The "Domain: f(x,y)" window shows the domain of the function f(x,y), together with the curve (x(t),y(t)) in green and the point (x(t0),y(t0)).  The blue curve is the curve (x(t),y(t)) such that |x-t| < delta.

The "Graph: f(x,y)" window shows the light gray graph of f(x,y) together with the green graph of the curve (x(t), y(t), f(x(t),y(t))).  The blue curve is the curve (x(t), y(t), f(x(t),y(t))) such that |x-t| < delta.  The pink planes are of distance epsilon/3 from the point (x(t0), y(t0), f(x(t0), y(t0))) in the x, y, and z- directions.  These pink planes determine the same cube that is shown in the "x(t),y(t),f(x(t),y(t))" window when the "Cube" checkbox is selected.

The "2D Projection" window shows the projection of the "Graph: f(x,y)" window into the xy-plane.  This allows one to determine the continuity of the curve (x(t), y(t)).  If the blue selection lies entirely within the red square (which can be made visible with the "Cube" checkbox) and consequently within the white circle (which can be made visible with the "Sphere" checkbox) and this can be accomplished for all choices of epsilon, then the curve is continuous in the xy-direction.
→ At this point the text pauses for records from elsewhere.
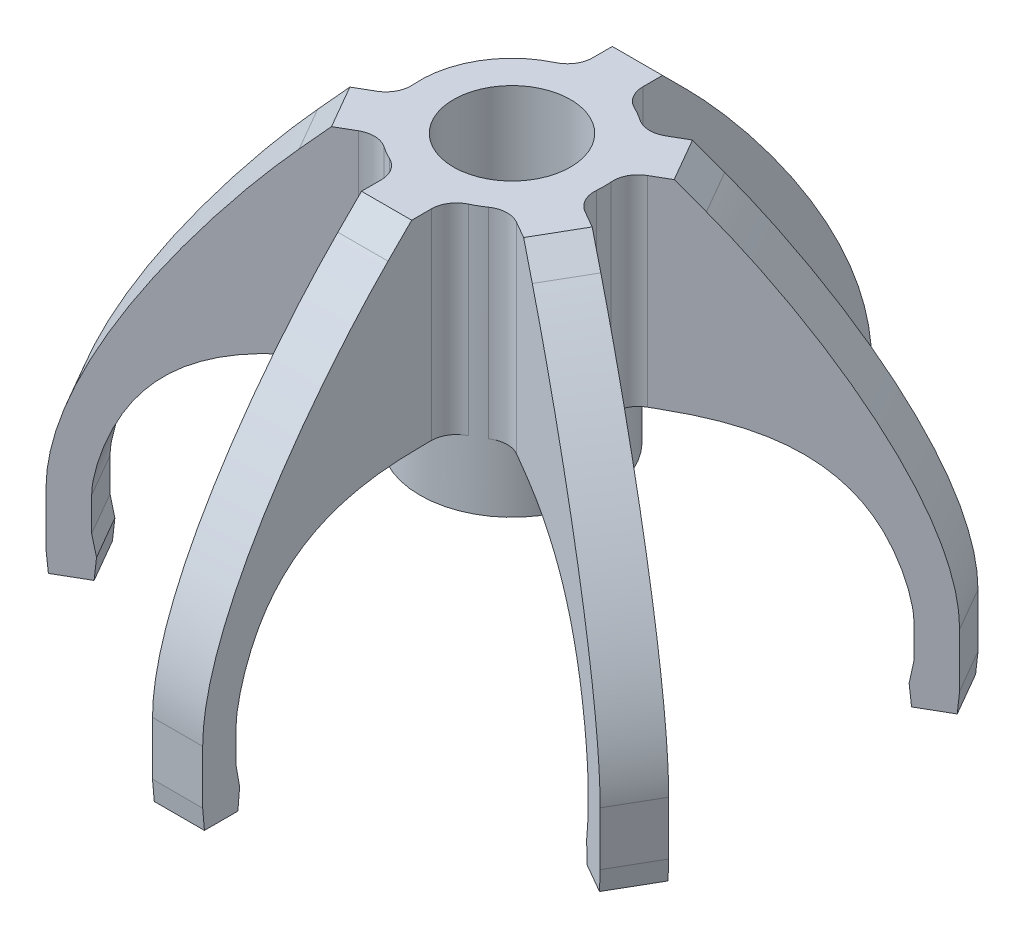
SolidWorks part; units mm, degrees
ref_plane "Front Plane" through (0, 0, 0) normal (0, 0, 1) x (1, 0, 0)
ref_plane "Top Plane" through (0, 0, 0) normal (0, 1, 0) x (1, 0, 0)
ref_plane "Right Plane" through (0, 0, 0) normal (1, 0, 0) x (0, 0, -1)
sketch "Sketch1" plane through (0, 0, 0) normal (0, 1, 0) x (1, 0, 0)
  circle A0 centre (0, 0) radius 1.25
  circle A1 centre (0, 0) radius 3.5 construction
  circle A2 centre (0, 0) radius 5.5
  dimension "D1" = 2.5
  dimension "D2" = 7
  dimension "D3" = 2
extrude "Boss-Extrude1" add sketch "Sketch1" along normal blind 16
sketch "Sketch2" plane through (0, 0, 0) normal (1, 0, 0) x (0, 0, -1)
  line L0 (-19, -5) -> (19, -5) construction
  line L1 (-5.5, 0) -> (5.5, 0) construction
  line L3 (18, -5) -> (20, -5)
  line L4 (5.5, 16) -> (-5.5, 16) construction
  line L6 (5.5, 16) -> (1.25, 16)
  line L7 (1.25, 16) -> (1.25, 4)
  line L8 (1.25, 4) -> (6.7057, 4)
  line L9 (7.5, 16) -> (8.9142, 14.5858)
  line L11 (5.5, 16) -> (7.5, 16)
  spline S0 degree 3 poles (6.7057, 4) (10.5222, 4) (16.0212, 3.2573) (18, -4.0057) (18, -5) knots 0 0 0 0 0.785491 1 1 1 1
  spline S1 degree 3 poles (8.9142, 14.5858) (13.0743, 10.4257) (20, 1.4618) (20, -5) knots 0.147346 0.147346 0.147346 0.147346 1 1 1 1
  spline S2 degree 3 poles (5.5, 16) (7.3851, 16) (8.1598, 15.3395) (8.8783, 14.6217) (8.9142, 14.5858) knots 0 0 0 0 0.139979 0.147346 0.147346 0.147346 0.147346 construction
  point P3 (0, -5)
  point P7 (-19, -5)
  point P8 (19, -5)
  point P11 (19, -5)
  point P13 (7.2936, 16.0728)
  point P15 (17.012, -1.1955)
  point P19 (7.0916, 16)
  point P20 (0, 0)
  point P24 (9.7687, 13.7313)
  point P25 (9.351, 14.149)
  point P28 (18.2298, -2.0387)
  point P29 (0, 0)
  point P30 (16.8051, -1.5631)
  point P31 (16.6082, -1.0154)
  point P32 (16.5478, -1.7605)
  point P33 (17.4061, -1.6461)
  point P34 (16.9891, -1.1897)
  dimension "D1" = 38
  dimension "D2" = 5
  dimension "D3" = 2
  dimension "D4" = 12
  dimension "D5" = 45
  dimension "D6" = 2
  dimension "D7" = 2
extrude "Boss-Extrude2" add sketch "Sketch2" along normal blind 1.5 and the other way blind 1.5
sketch "Sketch8" plane through (1.5, 0, 0) normal (1, 0, 0) x (0, 0, -1)
  line L0 (18, -7) -> (17.7884, -8.2)
  line L1 (18, -5) -> (20, -5)
  line L2 (18, -5) -> (18, -7)
  line L3 (18, -7) -> (20, -7) construction
  line L4 (20, -5) -> (20, -7)
  line L5 (17.7884, -8.2) -> (20, -8.2) construction
  line L6 (20, -8.2) -> (20, -7)
  line L7 (17.7884, -8.2) -> (17.8942, -9.4093)
  line L8 (17.8942, -9.4093) -> (19.8942, -9.4093)
  line L9 (19.8942, -9.4093) -> (20, -8.2)
  point P5 (0, 0)
  dimension "D1" = 2
  dimension "D2" = 10
  dimension "D4" = 1.2
  dimension "D5" = 5
  dimension "D6" = 5
extrude "Boss-Extrude3" add sketch "Sketch8" against normal up to surface (3 mm away) up to face at (-1.5, 5.6133, -10.2284)
pattern_circular "CirPattern1" count 5 every 60 about axis through (0, 16, 0) along (0, -1, 0) of "Boss-Extrude2", "Boss-Extrude3"
fillet "Fillet1" radius 1.5 10 edges at (3.8326, 10, 3.9448) (1.5, 10, 5.2915) (-1.5, 10, 5.2915) (-3.8326, 10, 3.9448) (-5.3326, 10, 1.3467) (-1.5, 10, -5.2915) (3.8326, 10, -3.9448) (1.5, 10, -5.2915) (5.3326, 10, 1.3467) (5.3326, 10, -1.3467)
sketch "Sketch6" plane through (0, 16, 0) normal (0, 1, 0) x (1, 0, 0)
  circle A0 centre (0, 0) radius 3.5
  dimension "D1" = 7
extrude "Cut-Extrude1" cut sketch "Sketch6" against normal offset from surface (15.2 mm away) 0.8 up to face at (0, 0, 5.5)

The "x(t),y(t),f(x(t),y(t))" window shows the graph of the curve along the surface without the surface.  The cube shown here is the same as the cube defined by the pink planes in the "Graph: f(x,y)" window.  If the blue section lies within this cube ( which can be made visible with the "Cube" checkbox) and consequently within the cyan sphere of radius epsilon (which can be made visible with the "Sphere" checkbox) and this can be accomplished for all choices of epsilon, then the curve is continuous.